Michael Kors Holdings Limited is reportedly closing in on a $2.35 billion deal to buy Gianni Versace SpA. Despite trade war fears, record stock prices and cheap debt seem to be giving companies the confidence for more mergers and acquisitions. This has helped global deal making touch a record high of $3.2 trillion in 2018, reflecting an increase of 40% from the year-ago period, per Thomson Reuters. Michael Kors has a Zacks Rank #1 (Strong Buy). You can see the complete list of today’s Zacks #1 Rank stocks here.

Moreover, deals worth more than $5 billion accounted for 44% of the transactions this year. Interestingly, big acquisitions in media and health care have been driving market activity this year.  Apart from Disney and Comcast, this year also saw AT&T, Inc.’s (T) $85.4 billion acquisition of Time Warner.

In healthcare, pharmacy chain CVS Health Corporation (CVS - Free Report) announced a $69 billion merger with health insurer Atena.

Cross Border Deals Helping Markets

The increase in mergers and acquisitions are taking place against the backdrop of a healthy economic outlook.
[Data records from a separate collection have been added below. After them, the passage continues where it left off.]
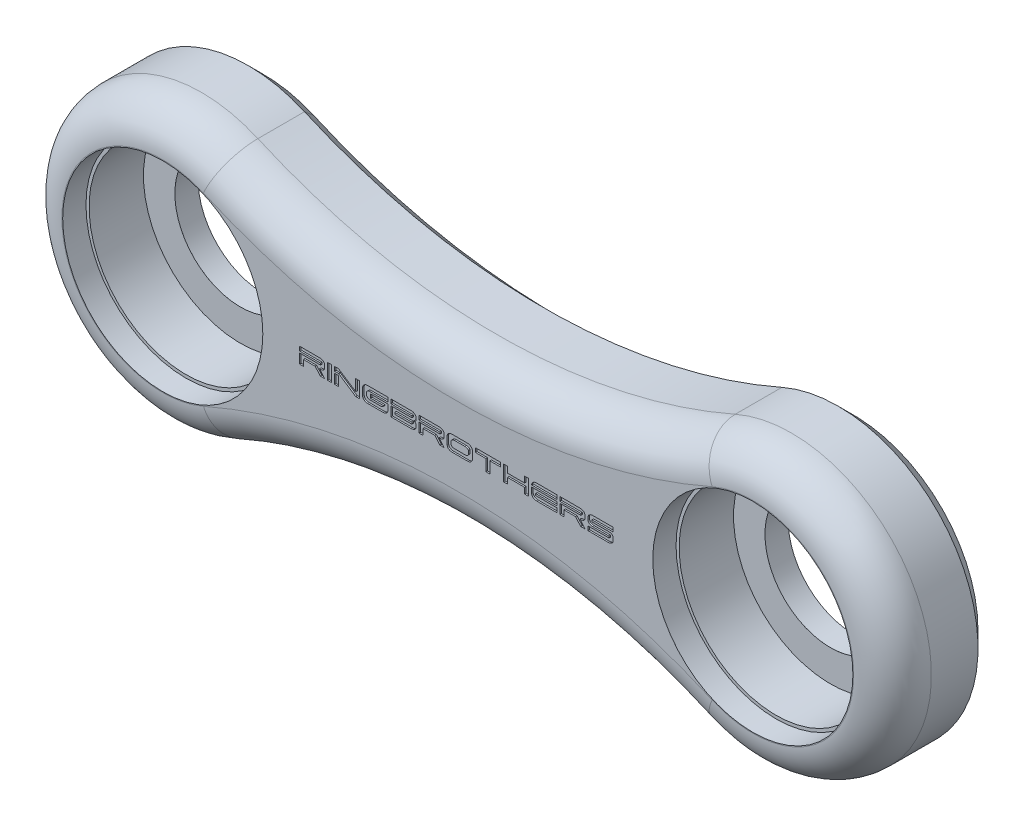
from build123d import *

# Parameters (mm, degrees)
SKETCH1_R                       = 5.3594
MAIN_BODY_DOG_BONE_DEPTH        = 8.255
SKETCH2_R                       = 7.93115
R4ZZ_BEARIN_BORE_3_DEEP_DEPTH   = 6.35
SKETCH3_R                       = 8.18515
F_105_DEEP_CLEARANCE_BORE_DEPTH = 1.905
F_02_X_45_DEG_CHAMFERS_SIZE     = 0.000254
F_125_FILLETS_R                 = 3.175
CHAMFER1_SIZE                   = 1.27
EXTRUDE2_DEPTH                  = 0.127


with BuildPart() as part:
    # Sketch1 → Main Body Dog Bone (new body)
    with BuildSketch(Plane.XY):
        with BuildLine():
            ThreePointArc((4.608381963, 10.459814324), (-11.43, 0), (4.608381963, -10.459814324))
            ThreePointArc((4.608381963, -10.459814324), (24.13, -6.35), (43.651618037, -10.459814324))
            ThreePointArc((43.651618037, -10.459814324), (59.69, 0), (43.651618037, 10.459814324))
            ThreePointArc((43.651618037, 10.459814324), (24.13, 6.35), (4.608381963, 10.459814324))
        make_face()
        Circle(SKETCH1_R, mode=Mode.SUBTRACT)
        with Locations((48.26, 0)):
            Circle(SKETCH1_R, mode=Mode.SUBTRACT)
    extrude(amount=-MAIN_BODY_DOG_BONE_DEPTH)

    # Sketch2 → R4ZZ bearin bore .3_ deep (cut)
    with BuildSketch(Plane.XY):
        Circle(SKETCH2_R)
        with Locations((48.26, 0)):
            Circle(SKETCH2_R)
    extrude(amount=-R4ZZ_BEARIN_BORE_3_DEEP_DEPTH, mode=Mode.SUBTRACT)

    # Sketch3 → 105_ deep Clearance Bore (cut)
    with BuildSketch(Plane.XY):
        Circle(SKETCH3_R)
        with Locations((48.26, 0)):
            Circle(SKETCH3_R)
    extrude(amount=-F_105_DEEP_CLEARANCE_BORE_DEPTH, mode=Mode.SUBTRACT)

    # 02_ x 45 deg chamfers
    f_02_x_45_deg_chamfers_edges = [part.edges().sort_by_distance(p)[0] for p in [
        (-5.3594, 0, -8.255),
        (42.9006, 0, -8.255),
        (-5.3594, 0, -6.35),
        (42.9006, 0, -6.35),
        (-8.18515, 0, 0),
        (40.07485, 0, 0),
    ]]
    chamfer(f_02_x_45_deg_chamfers_edges, length=F_02_X_45_DEG_CHAMFERS_SIZE)

    # 125_ Fillets
    f_125_fillets_edges = [part.edges().sort_by_distance(p)[0] for p in [
        (59.69, 0, 0),
        (24.13, -6.35, 0),
        (-11.43, 0, 0),
        (24.13, 6.35, 0),
    ]]
    fillet(f_125_fillets_edges, radius=F_125_FILLETS_R)

    # Chamfer1
    chamfer1_edges = [part.edges().sort_by_distance(p)[0] for p in [
        (24.13, -6.35, -8.255),
        (59.69, 0, -8.255),
        (24.13, 6.35, -8.255),
        (-11.43, 0, -8.255),
    ]]
    chamfer(chamfer1_edges, length=CHAMFER1_SIZE)

    # Sketch5 → Extrude2 (cut)
    # profile 1 of 14: a face of its own
    with BuildSketch(Plane.XY):
        with BuildLine():
            Line((12.466708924, -0.146319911), (11.506711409, -0.146319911))
            Line((11.506711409, -0.146319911), (11.506711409, -0.290272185))
            Line((11.506711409, -0.290272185), (11.506711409, -0.635))
            Line((11.506711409, -0.635), (11.179346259, -0.635))
            Line((11.179346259, -0.635), (11.179346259, -0.318683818))
            Line((11.179346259, -0.318683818), (11.179346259, 0.1548434))
            Line((11.179346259, 0.1548434), (12.898881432, 0.1548434))
            Line((12.898881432, 0.1548434), (12.898881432, 0.298795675))
            Line((12.898881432, 0.298795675), (11.179346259, 0.298795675))
            Line((11.179346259, 0.298795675), (11.179346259, 0.635))
            Line((11.179346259, 0.635), (11.591630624, 0.635))
            Line((11.591630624, 0.635), (12.826905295, 0.632790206))
            add(Edge.make_bspline(
                [(12.826905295, 0.632790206), (12.841328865, 0.632663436), (12.869589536, 0.632415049), (12.911034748, 0.628849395), (12.950727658, 0.622943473), (12.988578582, 0.614232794), (13.024483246, 0.602324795), (13.058730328, 0.588280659), (13.090954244, 0.571066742), (13.121384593, 0.551623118), (13.149139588, 0.529418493), (13.173383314, 0.50430363), (13.193784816, 0.476450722), (13.210724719, 0.446104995), (13.223099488, 0.41277572), (13.232892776, 0.377251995), (13.238049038, 0.338827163), (13.238802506, 0.312383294), (13.239189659, 0.298795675)],
                knots=[0, 0, 0, 0, 1.152257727, 2.257664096, 3.320814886, 4.356953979, 5.356767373, 6.340576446, 7.311035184, 8.2719758, 9.22274549, 10.144516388, 11.052686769, 11.974764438, 12.91171314, 13.886678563, 14.914114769, 16, 16, 16, 16], degree=3))
            Line((13.239189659, 0.298795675), (13.239189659, 0.1548434))
            add(Edge.make_bspline(
                [(13.239189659, 0.1548434), (13.238947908, 0.141564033), (13.238479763, 0.115848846), (13.233161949, 0.078898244), (13.225591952, 0.044798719), (13.214140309, 0.013775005), (13.19921045, -0.014035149), (13.181486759, -0.039181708), (13.159948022, -0.060743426), (13.13545111, -0.079597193), (13.107473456, -0.095218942), (13.076781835, -0.109372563), (13.042447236, -0.120408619), (13.00512119, -0.12987551), (12.964642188, -0.137447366), (12.920885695, -0.142713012), (12.873884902, -0.145888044), (12.84143201, -0.146172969), (12.824695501, -0.146319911)],
                knots=[0, 0, 0, 0, 1.081306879, 2.093925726, 3.036167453, 3.923384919, 4.778872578, 5.602256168, 6.420848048, 7.252672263, 8.11313074, 9.02648445, 10.002685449, 11.046731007, 12.163464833, 13.355767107, 14.636324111, 16, 16, 16, 16], degree=3))
            Line((12.824695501, -0.146319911), (13.239189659, -0.635))
            Line((13.239189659, -0.635), (12.881203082, -0.635))
            Line((12.881203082, -0.635), (12.466708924, -0.146319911))
        make_face()
    # profile 2 of 14: a face of its own
    with BuildSketch(Plane.XY):
        Polygon((13.8099478, -0.635), (13.48258265, -0.635), (13.48258265, 0.298795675), (13.48258265, 0.635), (13.8099478, 0.635), (13.8099478, 0.298795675), (13.8099478, 0.159262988), (13.8099478, -0.115698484), align=None)
    # profile 3 of 14: a face of its own
    with BuildSketch(Plane.XY):
        Polygon((14.384178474, 0.635), (14.048289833, 0.635), (14.048289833, 0.298795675), (14.380074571, 0.298795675), (15.780768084, -0.635), (16.108133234, -0.635), (16.108133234, -0.318683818), (16.108133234, 0.635), (15.780768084, 0.635), (15.780768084, 0.146004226), (15.780768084, -0.290272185), align=None)
    # profile 4 of 14: a face of its own
    with BuildSketch(Plane.XY):
        Polygon((14.375654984, 0.146004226), (14.375654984, -0.168102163), (14.375654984, -0.635), (14.048289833, -0.635), (14.048289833, 0.146004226), align=None)
    # profile 5 of 14: a face of its own
    with BuildSketch(Plane.XY):
        with BuildLine():
            Line((18.411369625, 0.1548434), (18.411369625, -0.146319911))
            Line((18.411369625, -0.146319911), (18.411369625, -0.318683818))
            add(Edge.make_bspline(
                [(18.411369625, -0.318683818), (18.411038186, -0.329448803), (18.410386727, -0.350607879), (18.404217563, -0.381682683), (18.395457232, -0.411808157), (18.38164896, -0.440359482), (18.36515046, -0.468162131), (18.343673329, -0.493958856), (18.319592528, -0.519418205), (18.291415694, -0.542814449), (18.260868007, -0.564277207), (18.228523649, -0.583541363), (18.194254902, -0.5992309), (18.158322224, -0.612192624), (18.120904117, -0.622661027), (18.08171987, -0.62995919), (18.040944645, -0.633954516), (18.013194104, -0.634647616), (17.99908526, -0.635)],
                knots=[0, 0, 0, 0, 0.896373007, 1.761862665, 2.633245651, 3.504540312, 4.398247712, 5.321687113, 6.295784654, 7.31682771, 8.368284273, 9.406444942, 10.45051942, 11.505082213, 12.588443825, 13.686201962, 14.823625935, 16, 16, 16, 16], degree=3))
            Line((17.99908526, -0.635), (16.763810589, -0.635))
            add(Edge.make_bspline(
                [(16.763810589, -0.635), (16.749701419, -0.634648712), (16.721950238, -0.633957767), (16.68117964, -0.629946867), (16.642078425, -0.622723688), (16.604720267, -0.612064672), (16.568716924, -0.599313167), (16.534375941, -0.583530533), (16.502026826, -0.564280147), (16.47148042, -0.542813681), (16.443303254, -0.519418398), (16.419222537, -0.493958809), (16.397745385, -0.468162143), (16.38124689, -0.440359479), (16.367438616, -0.411808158), (16.358678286, -0.381682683), (16.352509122, -0.350607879), (16.351857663, -0.329448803), (16.351526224, -0.318683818)],
                knots=[0, 0, 0, 0, 1.176388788, 2.313826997, 3.411598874, 4.486522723, 5.549349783, 6.593437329, 7.631610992, 8.683080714, 9.70413655, 10.678246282, 11.601697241, 12.495415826, 13.366721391, 14.238115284, 15.103615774, 16, 16, 16, 16], degree=3))
            Line((16.351526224, -0.318683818), (16.351526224, 0.318683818))
            add(Edge.make_bspline(
                [(16.351526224, 0.318683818), (16.351869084, 0.329446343), (16.35254629, 0.350704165), (16.358576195, 0.381814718), (16.367519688, 0.411885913), (16.381219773, 0.440377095), (16.397860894, 0.468173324), (16.419003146, 0.494257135), (16.443437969, 0.519395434), (16.471458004, 0.542836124), (16.502035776, 0.564265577), (16.534362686, 0.583565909), (16.56879449, 0.599199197), (16.60459244, 0.612570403), (16.642146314, 0.622591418), (16.681168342, 0.629985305), (16.721953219, 0.633947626), (16.749702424, 0.634645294), (16.763810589, 0.635)],
                knots=[0, 0, 0, 0, 0.896302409, 1.770350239, 2.633278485, 3.504504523, 4.398141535, 5.328358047, 6.296077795, 7.317040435, 8.368414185, 9.406493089, 10.450485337, 11.516216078, 12.588712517, 13.686384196, 14.823718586, 16, 16, 16, 16], degree=3))
            Line((16.763810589, 0.635), (18.411369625, 0.635))
            Line((18.411369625, 0.635), (18.411369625, 0.298795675))
            Line((18.411369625, 0.298795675), (16.95606264, 0.298795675))
            add(Edge.make_bspline(
                [(16.95606264, 0.298795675), (16.937494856, 0.298252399), (16.901677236, 0.297204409), (16.850312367, 0.287407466), (16.803291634, 0.272219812), (16.768136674, 0.253662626), (16.743582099, 0.236143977), (16.727167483, 0.222923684), (16.713342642, 0.208782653), (16.701753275, 0.193937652), (16.692144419, 0.17874402), (16.685564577, 0.162425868), (16.680553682, 0.145858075), (16.679443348, 0.134358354), (16.678891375, 0.128641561)],
                knots=[0, 0, 0, 0, 1.881895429, 3.630213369, 5.284379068, 6.87940937, 7.637661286, 8.342963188, 9.014833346, 9.638406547, 10.251752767, 10.830688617, 11.41870675, 12, 12, 12, 12], degree=3))
            Line((16.678891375, 0.128641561), (16.678891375, -0.115698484))
            add(Edge.make_bspline(
                [(16.678891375, -0.115698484), (16.679128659, -0.121403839), (16.679604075, -0.132834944), (16.683638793, -0.149584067), (16.68957197, -0.16591869), (16.698364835, -0.18154685), (16.709428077, -0.196757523), (16.723156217, -0.211202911), (16.739053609, -0.225230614), (16.763817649, -0.242937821), (16.798777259, -0.262608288), (16.846391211, -0.278267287), (16.89845735, -0.288849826), (16.934959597, -0.289787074), (16.953852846, -0.290272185)],
                knots=[0, 0, 0, 0, 0.573398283, 1.148846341, 1.725170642, 2.317613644, 2.946685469, 3.613486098, 4.318780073, 5.07709292, 6.674419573, 8.332103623, 10.101528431, 12, 12, 12, 12], degree=3))
            Line((16.953852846, -0.290272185), (17.81346259, -0.290272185))
            add(Edge.make_bspline(
                [(17.81346259, -0.290272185), (17.830337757, -0.289756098), (17.862829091, -0.288762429), (17.909514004, -0.280336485), (17.952163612, -0.266997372), (17.989944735, -0.248035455), (18.022068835, -0.225635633), (18.046568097, -0.199935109), (18.064453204, -0.172316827), (18.068888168, -0.151903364), (18.071061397, -0.141900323)],
                knots=[0, 0, 0, 0, 1.261479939, 2.428845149, 3.536646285, 4.592759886, 5.580130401, 6.448744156, 7.239850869, 8, 8, 8, 8], degree=3))
            Line((18.071061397, -0.141900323), (16.984158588, -0.141900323))
            Line((16.984158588, -0.141900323), (16.984158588, 0.1548434))
            Line((16.984158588, 0.1548434), (18.258578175, 0.1548434))
            Line((18.258578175, 0.1548434), (18.411369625, 0.1548434))
        make_face()
    # profile 6 of 14: a face of its own
    with BuildSketch(Plane.XY):
        with BuildLine():
            Line((18.982127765, 0.1548434), (20.374297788, 0.1548434))
            Line((20.374297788, 0.1548434), (20.374297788, 0.298795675))
            Line((20.374297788, 0.298795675), (18.654762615, 0.298795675))
            Line((18.654762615, 0.298795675), (18.654762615, 0.635))
            Line((18.654762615, 0.635), (19.06704698, 0.635))
            Line((19.06704698, 0.635), (20.302321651, 0.632790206))
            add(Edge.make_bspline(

The U.S. economy is on solid ground, giving companies the confidence to expand and explore newer markets. Moreover, U.S. companies are also taking advantage of a cheap pound and buying a lot of U.K. firms.

Cross-border deals have accounted for the majority of activity this year. Cross-border mergers and acquisitions have totaled $1.3 trillion this year, two-third higher than 2017 and recording the strongest period since 2007. Moreover, rising completion is making a number of companies reshuffle their product line and expand their portfolio. That said, mergers are on the rise despite increasing global trade tensions.